START DATA EXCERPTS

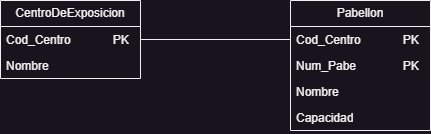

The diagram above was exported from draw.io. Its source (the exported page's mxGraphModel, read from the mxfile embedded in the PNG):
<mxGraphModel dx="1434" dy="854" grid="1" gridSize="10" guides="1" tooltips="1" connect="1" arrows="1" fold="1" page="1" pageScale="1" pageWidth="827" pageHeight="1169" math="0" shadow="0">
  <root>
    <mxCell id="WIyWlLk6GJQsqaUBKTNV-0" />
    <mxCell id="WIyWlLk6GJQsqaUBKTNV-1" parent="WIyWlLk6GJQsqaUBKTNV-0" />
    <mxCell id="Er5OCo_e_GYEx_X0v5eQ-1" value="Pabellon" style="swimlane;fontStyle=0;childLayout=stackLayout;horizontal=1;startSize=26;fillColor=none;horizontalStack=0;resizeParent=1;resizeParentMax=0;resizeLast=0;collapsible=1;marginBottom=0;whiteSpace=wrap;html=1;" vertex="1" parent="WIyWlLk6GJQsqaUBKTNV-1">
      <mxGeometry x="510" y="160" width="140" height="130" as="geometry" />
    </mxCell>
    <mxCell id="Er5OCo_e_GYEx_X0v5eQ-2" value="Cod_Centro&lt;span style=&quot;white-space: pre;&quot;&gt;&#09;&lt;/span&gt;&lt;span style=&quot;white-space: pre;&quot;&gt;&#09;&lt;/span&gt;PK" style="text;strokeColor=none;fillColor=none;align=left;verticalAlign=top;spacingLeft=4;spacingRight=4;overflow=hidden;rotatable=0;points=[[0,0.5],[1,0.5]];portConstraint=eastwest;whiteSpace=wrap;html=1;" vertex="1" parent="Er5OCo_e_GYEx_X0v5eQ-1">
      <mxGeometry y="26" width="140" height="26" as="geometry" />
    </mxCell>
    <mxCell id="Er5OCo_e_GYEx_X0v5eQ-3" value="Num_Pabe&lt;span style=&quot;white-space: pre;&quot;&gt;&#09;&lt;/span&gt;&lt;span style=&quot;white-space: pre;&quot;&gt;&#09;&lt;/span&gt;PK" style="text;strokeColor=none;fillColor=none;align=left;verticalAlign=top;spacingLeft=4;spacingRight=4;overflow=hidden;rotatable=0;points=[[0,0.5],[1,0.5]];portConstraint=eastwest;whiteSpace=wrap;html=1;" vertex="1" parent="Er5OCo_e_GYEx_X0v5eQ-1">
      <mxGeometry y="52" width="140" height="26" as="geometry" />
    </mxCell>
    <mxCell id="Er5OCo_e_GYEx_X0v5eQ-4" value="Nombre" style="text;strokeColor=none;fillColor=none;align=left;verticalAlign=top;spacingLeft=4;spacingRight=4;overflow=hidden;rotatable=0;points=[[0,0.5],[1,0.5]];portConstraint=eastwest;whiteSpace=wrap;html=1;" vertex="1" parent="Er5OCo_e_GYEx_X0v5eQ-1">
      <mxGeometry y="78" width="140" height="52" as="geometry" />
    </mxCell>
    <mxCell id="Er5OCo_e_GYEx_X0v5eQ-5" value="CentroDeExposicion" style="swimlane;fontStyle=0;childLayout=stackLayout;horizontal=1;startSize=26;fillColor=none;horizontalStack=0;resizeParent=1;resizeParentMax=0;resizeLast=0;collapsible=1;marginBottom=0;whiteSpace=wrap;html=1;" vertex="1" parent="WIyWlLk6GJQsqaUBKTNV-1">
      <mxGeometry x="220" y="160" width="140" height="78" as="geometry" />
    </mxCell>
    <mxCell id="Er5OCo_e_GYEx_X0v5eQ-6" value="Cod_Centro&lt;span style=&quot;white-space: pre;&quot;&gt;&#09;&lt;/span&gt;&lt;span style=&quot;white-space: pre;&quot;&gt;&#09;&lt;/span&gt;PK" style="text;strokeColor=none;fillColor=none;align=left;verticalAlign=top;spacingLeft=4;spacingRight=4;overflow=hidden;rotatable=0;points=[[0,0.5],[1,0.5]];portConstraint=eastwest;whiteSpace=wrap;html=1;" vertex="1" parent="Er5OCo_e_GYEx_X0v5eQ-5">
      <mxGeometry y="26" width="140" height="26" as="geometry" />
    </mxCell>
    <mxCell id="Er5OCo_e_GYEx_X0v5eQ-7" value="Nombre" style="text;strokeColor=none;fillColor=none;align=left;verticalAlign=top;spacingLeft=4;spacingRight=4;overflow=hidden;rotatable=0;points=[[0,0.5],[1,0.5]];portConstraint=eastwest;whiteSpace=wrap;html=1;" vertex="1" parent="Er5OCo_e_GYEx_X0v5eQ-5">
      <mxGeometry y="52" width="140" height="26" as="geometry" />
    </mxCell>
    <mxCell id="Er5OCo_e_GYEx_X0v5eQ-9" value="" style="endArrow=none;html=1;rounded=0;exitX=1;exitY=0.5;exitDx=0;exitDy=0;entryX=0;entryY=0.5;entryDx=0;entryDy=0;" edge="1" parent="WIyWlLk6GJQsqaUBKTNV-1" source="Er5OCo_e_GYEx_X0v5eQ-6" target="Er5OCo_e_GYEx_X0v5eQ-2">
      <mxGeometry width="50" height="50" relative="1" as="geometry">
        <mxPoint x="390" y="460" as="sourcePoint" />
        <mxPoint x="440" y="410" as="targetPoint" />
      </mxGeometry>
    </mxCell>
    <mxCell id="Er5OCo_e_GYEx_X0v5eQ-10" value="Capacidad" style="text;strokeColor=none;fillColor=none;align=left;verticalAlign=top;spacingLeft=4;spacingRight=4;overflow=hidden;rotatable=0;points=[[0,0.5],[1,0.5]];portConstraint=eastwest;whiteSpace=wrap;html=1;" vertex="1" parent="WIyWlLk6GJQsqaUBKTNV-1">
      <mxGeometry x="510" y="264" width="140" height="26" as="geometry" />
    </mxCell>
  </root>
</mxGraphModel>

END DATA EXCERPTS

TASK TO COMPLETE:
Go through the data and count every line where the word "mxPoint" appears. Give only that count.

RESPONSE BELOW:
2